▸ Required action:
Search the material below for the string "zone" and extract each line that has it.

------------------------------------------------------------------------

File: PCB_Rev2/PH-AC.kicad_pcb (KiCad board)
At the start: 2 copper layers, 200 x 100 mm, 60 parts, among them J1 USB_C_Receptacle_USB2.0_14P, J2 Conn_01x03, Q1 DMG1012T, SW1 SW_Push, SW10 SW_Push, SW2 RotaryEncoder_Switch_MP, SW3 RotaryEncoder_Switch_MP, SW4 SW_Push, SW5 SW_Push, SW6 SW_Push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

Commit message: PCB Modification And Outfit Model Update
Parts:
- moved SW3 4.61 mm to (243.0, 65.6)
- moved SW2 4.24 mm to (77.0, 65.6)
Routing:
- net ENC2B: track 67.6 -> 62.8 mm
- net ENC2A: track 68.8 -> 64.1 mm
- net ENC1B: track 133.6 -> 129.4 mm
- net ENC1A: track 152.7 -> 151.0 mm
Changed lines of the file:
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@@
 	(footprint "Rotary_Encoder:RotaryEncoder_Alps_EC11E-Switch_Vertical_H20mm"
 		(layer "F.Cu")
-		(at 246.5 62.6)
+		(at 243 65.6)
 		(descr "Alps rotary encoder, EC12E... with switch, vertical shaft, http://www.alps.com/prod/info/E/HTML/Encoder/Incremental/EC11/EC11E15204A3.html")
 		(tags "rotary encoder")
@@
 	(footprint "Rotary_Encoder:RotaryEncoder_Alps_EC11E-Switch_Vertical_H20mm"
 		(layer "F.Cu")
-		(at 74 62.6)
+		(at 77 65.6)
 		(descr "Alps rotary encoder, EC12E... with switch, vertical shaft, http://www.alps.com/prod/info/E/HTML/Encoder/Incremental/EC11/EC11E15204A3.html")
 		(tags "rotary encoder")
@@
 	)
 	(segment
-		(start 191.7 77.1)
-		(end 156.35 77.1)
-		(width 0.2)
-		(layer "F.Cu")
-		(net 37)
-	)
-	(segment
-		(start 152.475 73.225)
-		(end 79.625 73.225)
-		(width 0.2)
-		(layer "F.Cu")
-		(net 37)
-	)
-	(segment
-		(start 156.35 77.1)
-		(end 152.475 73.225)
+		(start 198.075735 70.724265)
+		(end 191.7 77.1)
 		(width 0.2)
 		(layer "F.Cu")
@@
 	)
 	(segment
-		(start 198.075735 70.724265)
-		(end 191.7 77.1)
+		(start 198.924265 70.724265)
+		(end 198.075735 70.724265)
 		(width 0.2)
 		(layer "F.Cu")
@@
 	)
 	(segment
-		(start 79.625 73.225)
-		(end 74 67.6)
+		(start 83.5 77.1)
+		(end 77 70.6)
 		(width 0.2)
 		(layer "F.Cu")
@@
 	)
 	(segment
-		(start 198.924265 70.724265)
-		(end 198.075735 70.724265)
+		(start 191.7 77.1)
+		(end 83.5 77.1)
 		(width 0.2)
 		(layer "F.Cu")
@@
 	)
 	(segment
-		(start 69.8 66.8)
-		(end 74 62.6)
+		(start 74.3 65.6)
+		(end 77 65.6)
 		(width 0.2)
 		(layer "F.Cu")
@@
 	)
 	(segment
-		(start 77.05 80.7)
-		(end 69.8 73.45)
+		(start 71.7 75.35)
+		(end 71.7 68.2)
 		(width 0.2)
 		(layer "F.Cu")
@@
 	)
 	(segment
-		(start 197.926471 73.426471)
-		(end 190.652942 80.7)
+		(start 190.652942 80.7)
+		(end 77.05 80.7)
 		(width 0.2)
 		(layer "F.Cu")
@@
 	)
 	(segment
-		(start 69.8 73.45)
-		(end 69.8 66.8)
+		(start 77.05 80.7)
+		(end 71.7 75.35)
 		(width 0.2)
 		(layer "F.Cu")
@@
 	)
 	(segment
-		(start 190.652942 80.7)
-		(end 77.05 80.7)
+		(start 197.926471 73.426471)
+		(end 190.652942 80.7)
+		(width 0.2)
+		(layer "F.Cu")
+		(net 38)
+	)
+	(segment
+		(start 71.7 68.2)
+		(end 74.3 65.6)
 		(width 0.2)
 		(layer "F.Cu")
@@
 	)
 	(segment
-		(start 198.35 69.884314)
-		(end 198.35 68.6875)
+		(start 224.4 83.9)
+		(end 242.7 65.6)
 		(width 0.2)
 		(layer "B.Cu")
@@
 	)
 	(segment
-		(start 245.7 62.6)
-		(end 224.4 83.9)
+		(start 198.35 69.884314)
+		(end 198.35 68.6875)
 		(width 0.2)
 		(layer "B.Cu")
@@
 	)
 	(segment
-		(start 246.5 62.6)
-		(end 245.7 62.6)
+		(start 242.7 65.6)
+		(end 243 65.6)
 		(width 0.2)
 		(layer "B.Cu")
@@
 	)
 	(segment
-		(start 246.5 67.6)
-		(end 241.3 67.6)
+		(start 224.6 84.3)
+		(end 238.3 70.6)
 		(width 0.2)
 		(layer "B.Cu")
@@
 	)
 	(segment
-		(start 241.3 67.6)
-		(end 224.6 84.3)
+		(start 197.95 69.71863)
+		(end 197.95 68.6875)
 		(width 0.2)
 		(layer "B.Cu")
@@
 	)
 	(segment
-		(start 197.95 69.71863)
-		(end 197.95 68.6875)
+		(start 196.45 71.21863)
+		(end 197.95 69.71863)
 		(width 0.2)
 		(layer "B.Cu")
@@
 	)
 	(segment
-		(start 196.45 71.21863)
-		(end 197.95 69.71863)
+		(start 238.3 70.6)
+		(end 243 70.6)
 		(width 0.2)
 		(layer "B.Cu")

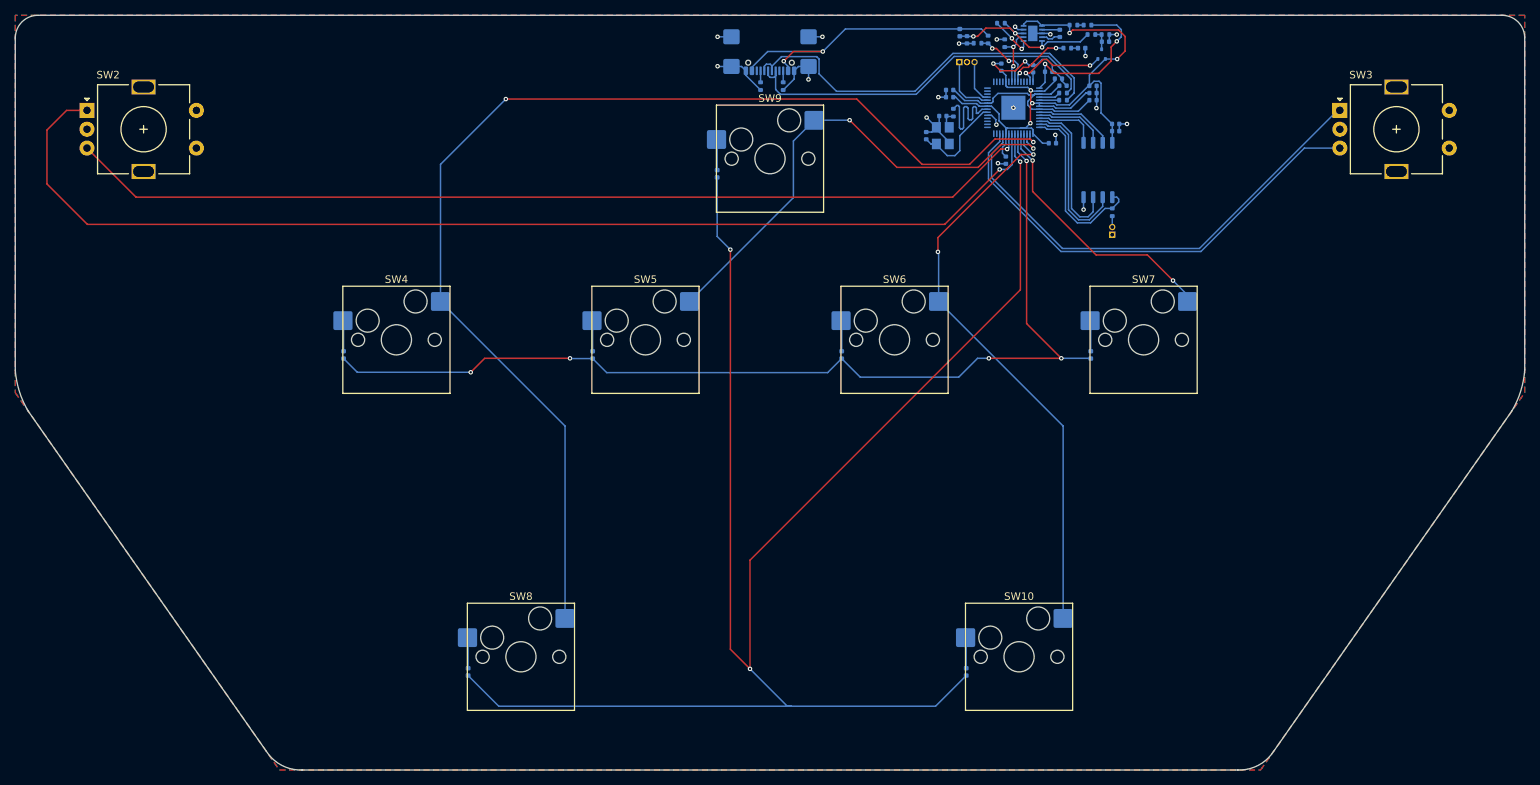
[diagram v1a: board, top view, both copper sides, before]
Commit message: Mouting Hole Adding
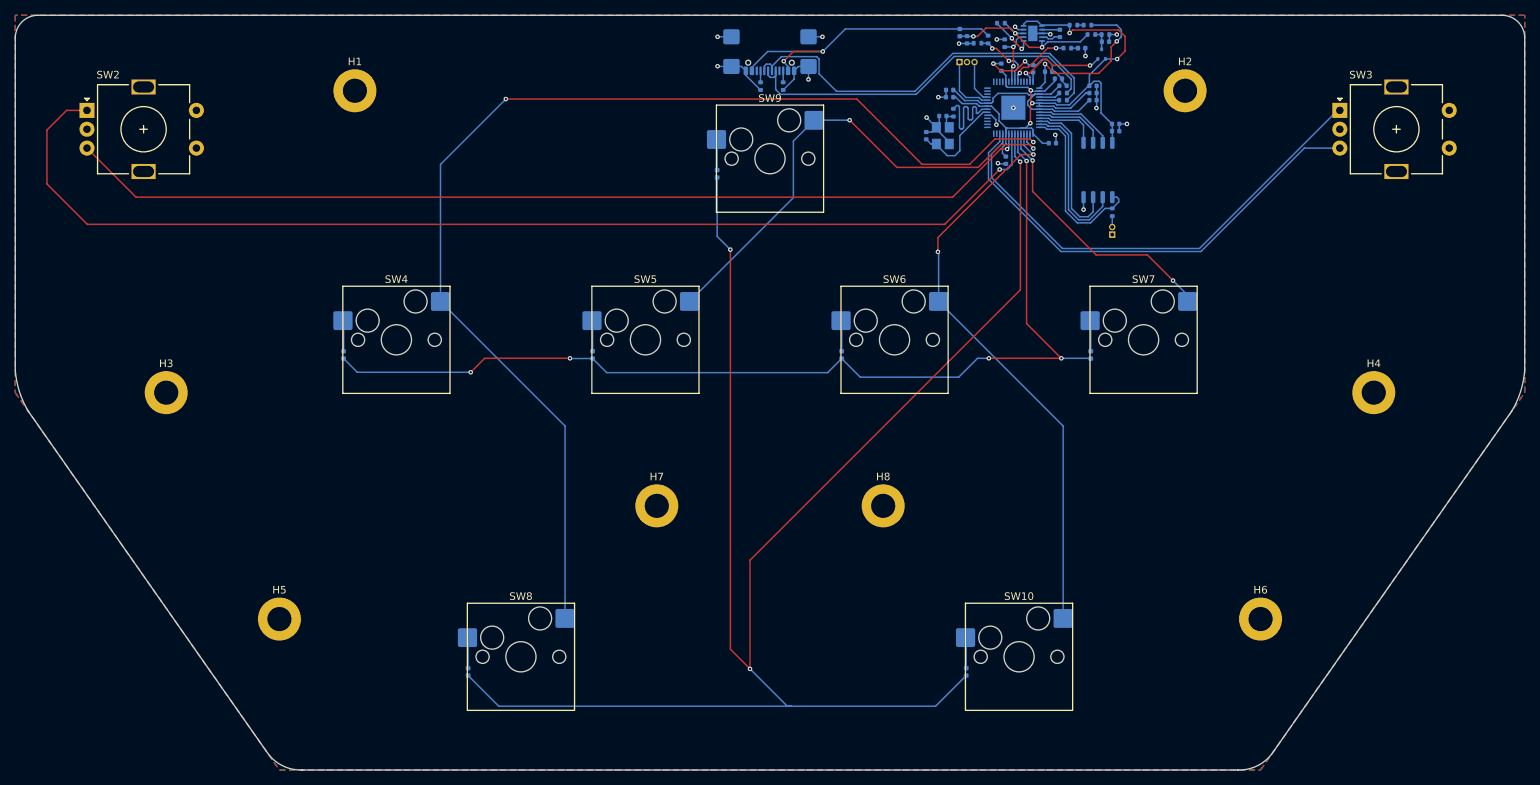
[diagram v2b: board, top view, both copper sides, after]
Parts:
- added H1: MountingHole, MountingHole:MountingHole_3.2mm_M3_ISO7380_Pad, F.Cu at (112.5, 63.0)
- added H2: MountingHole, MountingHole:MountingHole_3.2mm_M3_ISO7380_Pad, F.Cu at (222.5, 63.0)
- added H3: MountingHole, MountingHole:MountingHole_3.2mm_M3_ISO7380_Pad, F.Cu at (87.5, 103.0)
- added H4: MountingHole, MountingHole:MountingHole_3.2mm_M3_ISO7380_Pad, F.Cu at (247.5, 103.0)
- added H5: MountingHole, MountingHole:MountingHole_3.2mm_M3_ISO7380_Pad, F.Cu at (102.5, 133.0)
- added H6: MountingHole, MountingHole:MountingHole_3.2mm_M3_ISO7380_Pad, F.Cu at (232.5, 133.0)
- added H7: MountingHole, MountingHole:MountingHole_3.2mm_M3_ISO7380_Pad, F.Cu at (152.5, 118.0)
- added H8: MountingHole, MountingHole:MountingHole_3.2mm_M3_ISO7380_Pad, F.Cu at (182.5, 118.0)

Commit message: PCB Update
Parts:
- moved C11 1.90 mm to (204.4, 62.4)
- moved C15 1.90 mm to (213.3, 70.2)
- moved C18 1.90 mm to (190.4, 68.2)
- moved C2 1.90 mm to (210.3, 65.2)
- moved C7 1.90 mm to (210.3, 66.2)
- moved C9 1.90 mm to (206.3, 64.2)
- moved D1 1.90 mm to (192.7, 57.2)
- moved R1 1.90 mm to (209.6, 56.2)
- moved R10 1.90 mm to (210.1, 57.5)
- moved R11 1.90 mm to (211.9, 57.5)
- moved R2 1.90 mm to (207.7, 56.2)
- moved R3 1.90 mm to (206.3, 66.2)
- moved R4 1.90 mm to (206.3, 65.2)
- moved R7 1.90 mm to (198.1, 56.0)
- moved R9 1.90 mm to (212.8, 81.0)
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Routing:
- net /USB_DM: track 53.5 -> 49.0 mm
- net GND: track 62.9 -> 67.1 mm, vias 21 -> 23
- net ROW0: track 136.3 -> 134.4 mm
- net COL2: track 77.9 -> 76.0 mm
- net ROW1: track 229.8 -> 228.0 mm
- net +3V3: track 90.3 -> 91.6 mm
- net ENC1B: track 129.4 -> 128.6 mm
- net ENC1A: track 151.0 -> 150.2 mm
- net COL0: track 155.6 -> 156.3 mm
- net VBUS: track 41.5 -> 40.7 mm
- net COL3: track 35.4 -> 34.6 mm
- net COL1: track 66.3 -> 67.1 mm
- net /USB_DP: track 49.7 -> 49.0 mm

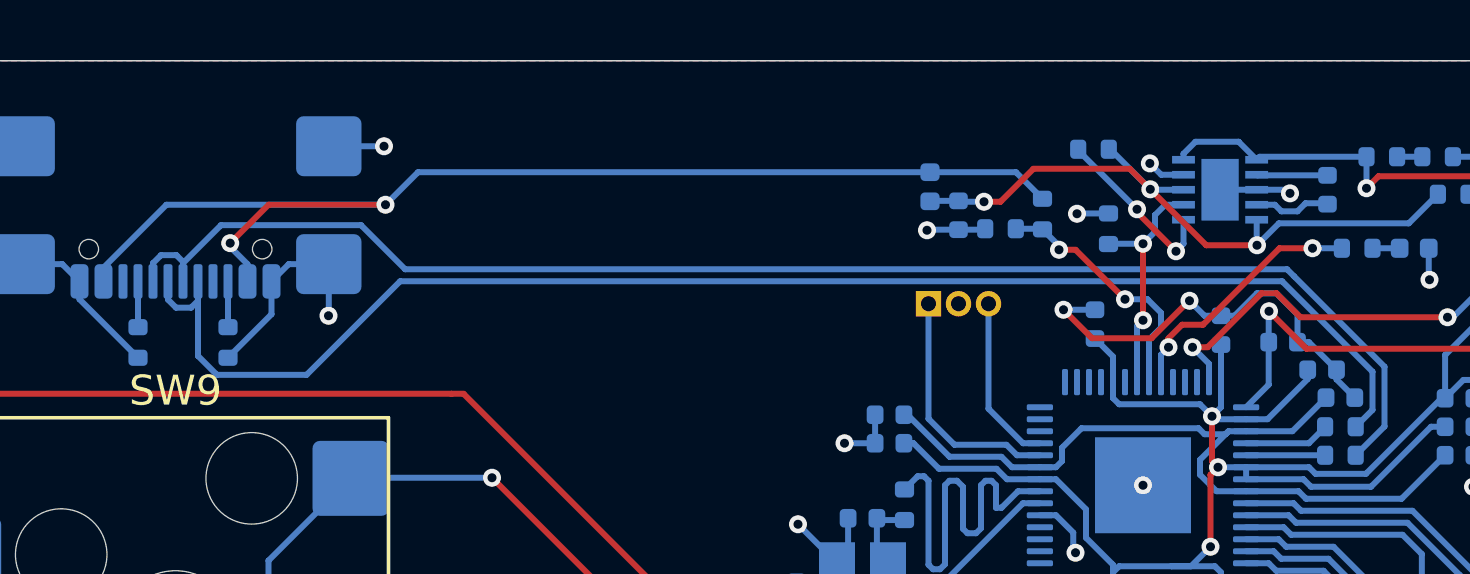
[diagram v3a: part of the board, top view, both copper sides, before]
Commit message: Component Package Modification
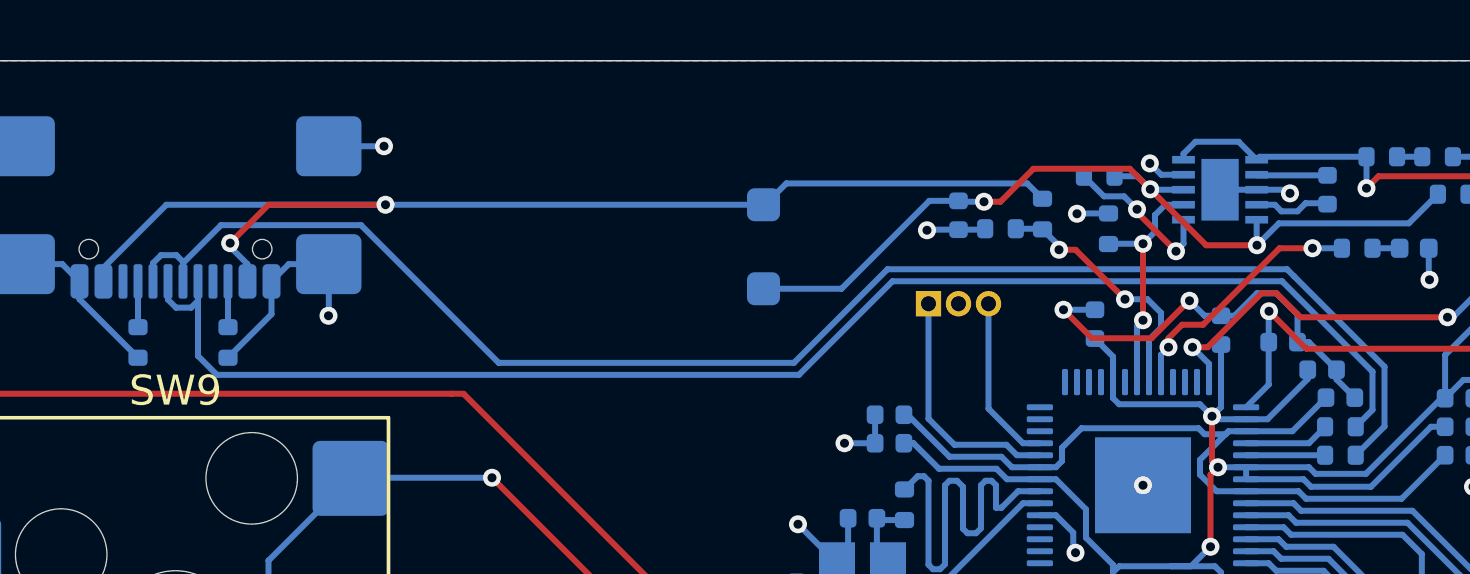
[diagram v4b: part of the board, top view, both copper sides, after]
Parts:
- D1: footprint Diode_SMD:D_0402_1005Metric -> Diode_SMD:D_SOD-123F
- moved D1 5.90 mm to (187.1, 59.2)
- moved R7 0.92 mm to (198.3, 56.9)
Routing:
- net /VSYS: track 23.1 -> 29.3 mm
- net /USB_DM: track 49.0 -> 51.5 mm
- net Net-(U2-EN): track 5.90 -> 5.32 mm
- added copper zone on B.Cu, net (none)
- removed copper zone on B.Cu, net +3V3

------------------------------------------------------------------------

▸ Reply to the exercise:
- added copper zone on B.Cu, net (none)
- removed copper zone on B.Cu, net +3V3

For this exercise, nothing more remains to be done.